(Stored records)
==============================

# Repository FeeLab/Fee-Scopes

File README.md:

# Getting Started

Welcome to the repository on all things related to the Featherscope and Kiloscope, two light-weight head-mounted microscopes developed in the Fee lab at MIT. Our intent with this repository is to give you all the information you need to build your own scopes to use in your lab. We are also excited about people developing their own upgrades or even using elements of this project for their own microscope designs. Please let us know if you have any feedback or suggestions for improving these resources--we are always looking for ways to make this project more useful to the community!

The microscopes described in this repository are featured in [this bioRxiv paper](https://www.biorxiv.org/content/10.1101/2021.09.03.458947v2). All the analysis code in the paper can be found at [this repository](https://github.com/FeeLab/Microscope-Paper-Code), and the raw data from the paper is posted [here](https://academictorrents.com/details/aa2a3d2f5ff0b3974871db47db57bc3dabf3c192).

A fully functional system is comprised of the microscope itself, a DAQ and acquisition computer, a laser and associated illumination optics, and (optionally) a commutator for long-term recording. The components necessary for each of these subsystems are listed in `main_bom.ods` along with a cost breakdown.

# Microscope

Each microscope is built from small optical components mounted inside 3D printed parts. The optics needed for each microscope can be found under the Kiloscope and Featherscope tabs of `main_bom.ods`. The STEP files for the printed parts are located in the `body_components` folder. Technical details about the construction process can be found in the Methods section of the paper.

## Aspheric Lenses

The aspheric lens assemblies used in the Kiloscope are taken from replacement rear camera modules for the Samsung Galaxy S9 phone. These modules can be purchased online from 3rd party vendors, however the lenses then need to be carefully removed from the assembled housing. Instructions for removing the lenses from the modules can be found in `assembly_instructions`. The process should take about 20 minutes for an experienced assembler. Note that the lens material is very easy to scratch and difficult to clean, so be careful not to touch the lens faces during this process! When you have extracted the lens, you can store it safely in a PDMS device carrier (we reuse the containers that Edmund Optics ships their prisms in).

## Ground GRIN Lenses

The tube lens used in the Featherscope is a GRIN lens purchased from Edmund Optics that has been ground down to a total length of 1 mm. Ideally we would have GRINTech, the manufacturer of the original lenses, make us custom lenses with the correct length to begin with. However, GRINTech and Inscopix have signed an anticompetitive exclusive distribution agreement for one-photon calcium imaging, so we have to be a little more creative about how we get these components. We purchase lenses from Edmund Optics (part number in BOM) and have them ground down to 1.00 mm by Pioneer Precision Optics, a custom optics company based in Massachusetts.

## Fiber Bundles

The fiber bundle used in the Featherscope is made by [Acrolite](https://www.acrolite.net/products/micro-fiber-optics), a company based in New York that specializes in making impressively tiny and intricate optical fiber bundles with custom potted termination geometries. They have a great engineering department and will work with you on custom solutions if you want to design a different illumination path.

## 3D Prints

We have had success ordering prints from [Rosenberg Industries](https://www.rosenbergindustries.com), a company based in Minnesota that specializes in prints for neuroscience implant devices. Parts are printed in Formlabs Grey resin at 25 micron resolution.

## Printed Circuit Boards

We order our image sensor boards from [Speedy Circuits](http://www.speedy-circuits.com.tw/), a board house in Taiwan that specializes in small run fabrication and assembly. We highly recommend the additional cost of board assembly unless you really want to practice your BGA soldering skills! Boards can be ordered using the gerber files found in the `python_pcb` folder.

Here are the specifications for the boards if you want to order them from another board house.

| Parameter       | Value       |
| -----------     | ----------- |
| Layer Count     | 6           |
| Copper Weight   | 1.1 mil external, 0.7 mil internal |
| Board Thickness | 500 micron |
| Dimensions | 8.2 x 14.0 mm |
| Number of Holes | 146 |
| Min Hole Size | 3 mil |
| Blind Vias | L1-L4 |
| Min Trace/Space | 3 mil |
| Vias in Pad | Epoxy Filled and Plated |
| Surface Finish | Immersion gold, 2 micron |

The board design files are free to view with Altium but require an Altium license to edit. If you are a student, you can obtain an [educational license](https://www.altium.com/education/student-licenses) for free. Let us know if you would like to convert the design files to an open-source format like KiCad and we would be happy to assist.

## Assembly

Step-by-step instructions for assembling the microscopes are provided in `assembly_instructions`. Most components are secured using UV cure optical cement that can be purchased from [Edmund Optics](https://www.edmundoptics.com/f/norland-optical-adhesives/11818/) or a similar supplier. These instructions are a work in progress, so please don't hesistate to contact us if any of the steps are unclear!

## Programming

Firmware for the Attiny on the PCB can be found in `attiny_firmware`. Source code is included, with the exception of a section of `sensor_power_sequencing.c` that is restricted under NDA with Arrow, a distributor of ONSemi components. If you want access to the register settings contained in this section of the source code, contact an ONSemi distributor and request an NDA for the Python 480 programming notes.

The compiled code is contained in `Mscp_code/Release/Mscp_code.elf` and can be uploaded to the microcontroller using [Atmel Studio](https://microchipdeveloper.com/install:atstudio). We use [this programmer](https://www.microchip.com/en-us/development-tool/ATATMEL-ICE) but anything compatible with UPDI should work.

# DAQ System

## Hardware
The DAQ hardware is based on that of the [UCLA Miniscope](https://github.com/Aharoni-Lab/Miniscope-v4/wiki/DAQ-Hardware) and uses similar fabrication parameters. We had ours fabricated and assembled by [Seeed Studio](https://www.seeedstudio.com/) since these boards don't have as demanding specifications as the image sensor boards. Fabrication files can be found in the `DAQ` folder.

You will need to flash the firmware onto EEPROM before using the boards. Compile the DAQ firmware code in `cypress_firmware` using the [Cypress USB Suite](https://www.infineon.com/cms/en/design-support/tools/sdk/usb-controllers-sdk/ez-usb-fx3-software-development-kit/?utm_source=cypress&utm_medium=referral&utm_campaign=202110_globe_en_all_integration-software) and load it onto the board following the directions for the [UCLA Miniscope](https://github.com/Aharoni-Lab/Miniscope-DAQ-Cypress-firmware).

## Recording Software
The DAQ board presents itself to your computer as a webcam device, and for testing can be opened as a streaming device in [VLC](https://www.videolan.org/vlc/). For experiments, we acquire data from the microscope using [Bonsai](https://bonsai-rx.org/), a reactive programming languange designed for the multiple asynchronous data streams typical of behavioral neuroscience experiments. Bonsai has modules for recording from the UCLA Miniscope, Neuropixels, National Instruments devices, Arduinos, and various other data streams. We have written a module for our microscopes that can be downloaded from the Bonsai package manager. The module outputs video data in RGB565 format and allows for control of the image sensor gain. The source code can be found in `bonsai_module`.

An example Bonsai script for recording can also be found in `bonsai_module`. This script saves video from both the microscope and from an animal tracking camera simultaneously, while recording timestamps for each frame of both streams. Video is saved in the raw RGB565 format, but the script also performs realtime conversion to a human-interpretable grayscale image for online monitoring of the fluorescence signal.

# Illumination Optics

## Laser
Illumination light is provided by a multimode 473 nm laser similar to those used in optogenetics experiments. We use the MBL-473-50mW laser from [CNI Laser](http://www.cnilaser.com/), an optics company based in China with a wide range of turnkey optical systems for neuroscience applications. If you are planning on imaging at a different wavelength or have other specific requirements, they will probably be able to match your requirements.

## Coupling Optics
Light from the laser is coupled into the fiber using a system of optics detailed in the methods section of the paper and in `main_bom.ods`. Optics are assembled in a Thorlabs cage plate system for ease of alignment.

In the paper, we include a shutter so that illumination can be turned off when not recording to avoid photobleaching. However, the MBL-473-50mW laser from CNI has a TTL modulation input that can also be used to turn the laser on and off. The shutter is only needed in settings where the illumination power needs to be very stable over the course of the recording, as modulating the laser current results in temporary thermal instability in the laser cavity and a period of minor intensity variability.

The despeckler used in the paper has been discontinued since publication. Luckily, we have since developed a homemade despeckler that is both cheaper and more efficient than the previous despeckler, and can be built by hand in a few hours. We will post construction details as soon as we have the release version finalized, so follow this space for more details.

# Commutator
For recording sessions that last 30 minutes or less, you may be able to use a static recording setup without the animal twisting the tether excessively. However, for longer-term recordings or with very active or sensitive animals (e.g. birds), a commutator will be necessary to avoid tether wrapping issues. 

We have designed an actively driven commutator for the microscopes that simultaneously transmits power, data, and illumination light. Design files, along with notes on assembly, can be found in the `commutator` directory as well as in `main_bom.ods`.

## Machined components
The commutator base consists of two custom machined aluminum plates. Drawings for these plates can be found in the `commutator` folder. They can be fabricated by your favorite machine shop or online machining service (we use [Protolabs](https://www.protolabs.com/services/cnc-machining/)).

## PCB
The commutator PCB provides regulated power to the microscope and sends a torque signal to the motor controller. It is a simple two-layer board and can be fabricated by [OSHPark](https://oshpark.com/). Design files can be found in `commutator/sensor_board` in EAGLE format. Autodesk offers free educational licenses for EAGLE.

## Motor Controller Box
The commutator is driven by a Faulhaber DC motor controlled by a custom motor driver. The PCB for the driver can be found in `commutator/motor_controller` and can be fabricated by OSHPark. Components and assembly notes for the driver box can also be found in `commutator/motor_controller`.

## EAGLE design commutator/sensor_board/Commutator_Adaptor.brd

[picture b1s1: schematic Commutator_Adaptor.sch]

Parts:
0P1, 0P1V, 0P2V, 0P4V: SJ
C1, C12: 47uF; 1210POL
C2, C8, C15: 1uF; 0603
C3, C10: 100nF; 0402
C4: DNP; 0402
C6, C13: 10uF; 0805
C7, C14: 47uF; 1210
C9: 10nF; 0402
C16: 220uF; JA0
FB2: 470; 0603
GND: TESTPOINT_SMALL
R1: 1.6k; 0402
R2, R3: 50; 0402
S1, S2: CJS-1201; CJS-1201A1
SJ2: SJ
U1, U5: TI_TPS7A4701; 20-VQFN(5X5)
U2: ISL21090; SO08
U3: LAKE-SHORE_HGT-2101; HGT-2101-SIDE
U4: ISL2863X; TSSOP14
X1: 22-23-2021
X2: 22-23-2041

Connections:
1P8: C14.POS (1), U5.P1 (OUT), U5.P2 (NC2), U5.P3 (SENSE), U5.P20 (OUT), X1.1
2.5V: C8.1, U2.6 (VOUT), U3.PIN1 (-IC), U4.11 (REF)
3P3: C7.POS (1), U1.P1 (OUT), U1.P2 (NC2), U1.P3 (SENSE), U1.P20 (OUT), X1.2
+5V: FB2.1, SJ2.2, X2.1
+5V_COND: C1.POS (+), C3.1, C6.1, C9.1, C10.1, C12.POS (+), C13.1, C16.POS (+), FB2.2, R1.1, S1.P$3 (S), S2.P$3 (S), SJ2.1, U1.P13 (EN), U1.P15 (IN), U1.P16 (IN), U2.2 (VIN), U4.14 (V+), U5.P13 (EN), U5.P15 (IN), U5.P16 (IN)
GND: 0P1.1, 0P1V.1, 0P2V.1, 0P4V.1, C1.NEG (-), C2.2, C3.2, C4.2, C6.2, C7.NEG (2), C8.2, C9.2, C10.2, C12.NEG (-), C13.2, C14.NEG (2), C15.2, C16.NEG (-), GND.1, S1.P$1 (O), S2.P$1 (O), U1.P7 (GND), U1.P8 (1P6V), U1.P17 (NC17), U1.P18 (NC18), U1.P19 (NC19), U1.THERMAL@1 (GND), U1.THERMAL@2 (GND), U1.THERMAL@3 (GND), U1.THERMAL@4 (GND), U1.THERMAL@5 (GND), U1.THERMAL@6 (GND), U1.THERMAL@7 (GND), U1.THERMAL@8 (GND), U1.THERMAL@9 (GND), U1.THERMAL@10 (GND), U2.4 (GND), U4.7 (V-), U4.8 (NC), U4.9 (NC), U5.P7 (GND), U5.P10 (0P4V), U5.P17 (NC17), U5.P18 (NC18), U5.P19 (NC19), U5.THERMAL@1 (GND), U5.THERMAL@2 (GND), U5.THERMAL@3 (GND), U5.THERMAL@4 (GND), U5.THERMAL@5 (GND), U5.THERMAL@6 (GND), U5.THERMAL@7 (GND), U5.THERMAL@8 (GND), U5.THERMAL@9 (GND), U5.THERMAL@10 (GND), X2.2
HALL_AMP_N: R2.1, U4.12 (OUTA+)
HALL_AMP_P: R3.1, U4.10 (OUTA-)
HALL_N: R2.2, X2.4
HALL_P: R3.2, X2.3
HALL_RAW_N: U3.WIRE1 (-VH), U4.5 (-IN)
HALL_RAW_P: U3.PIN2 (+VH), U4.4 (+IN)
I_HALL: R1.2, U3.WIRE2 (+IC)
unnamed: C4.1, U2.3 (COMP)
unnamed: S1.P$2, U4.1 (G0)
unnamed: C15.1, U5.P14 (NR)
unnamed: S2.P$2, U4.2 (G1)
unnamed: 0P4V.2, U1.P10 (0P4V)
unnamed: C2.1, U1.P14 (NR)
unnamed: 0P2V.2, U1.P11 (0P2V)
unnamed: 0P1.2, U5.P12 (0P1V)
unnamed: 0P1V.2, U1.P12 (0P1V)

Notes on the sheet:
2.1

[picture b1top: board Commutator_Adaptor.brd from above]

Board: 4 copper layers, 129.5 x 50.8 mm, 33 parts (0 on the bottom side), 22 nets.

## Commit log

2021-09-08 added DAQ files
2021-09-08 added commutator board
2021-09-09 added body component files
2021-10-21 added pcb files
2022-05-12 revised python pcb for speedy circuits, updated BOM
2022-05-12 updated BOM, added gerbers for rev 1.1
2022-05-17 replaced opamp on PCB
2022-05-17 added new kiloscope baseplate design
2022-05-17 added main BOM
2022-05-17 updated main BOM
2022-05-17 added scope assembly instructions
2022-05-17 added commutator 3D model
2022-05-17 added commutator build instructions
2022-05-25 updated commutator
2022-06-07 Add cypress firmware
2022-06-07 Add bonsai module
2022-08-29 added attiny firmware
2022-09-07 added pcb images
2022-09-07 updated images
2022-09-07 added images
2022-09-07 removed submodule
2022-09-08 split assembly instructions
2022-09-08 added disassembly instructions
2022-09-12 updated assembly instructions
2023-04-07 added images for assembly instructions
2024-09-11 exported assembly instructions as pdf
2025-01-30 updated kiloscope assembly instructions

==============================

WORK REQUEST:
The result should consist solely of the lines from the one that contains "2022-05-17 added main BOM" to the last line of the records above, reproduced exactly.

TASK ANSWER:
2022-05-17 added main BOM
2022-05-17 updated main BOM
2022-05-17 added scope assembly instructions
2022-05-17 added commutator 3D model
2022-05-17 added commutator build instructions
2022-05-25 updated commutator
2022-06-07 Add cypress firmware
2022-06-07 Add bonsai module
2022-08-29 added attiny firmware
2022-09-07 added pcb images
2022-09-07 updated images
2022-09-07 added images
2022-09-07 removed submodule
2022-09-08 split assembly instructions
2022-09-08 added disassembly instructions
2022-09-12 updated assembly instructions
2023-04-07 added images for assembly instructions
2024-09-11 exported assembly instructions as pdf
2025-01-30 updated kiloscope assembly instructions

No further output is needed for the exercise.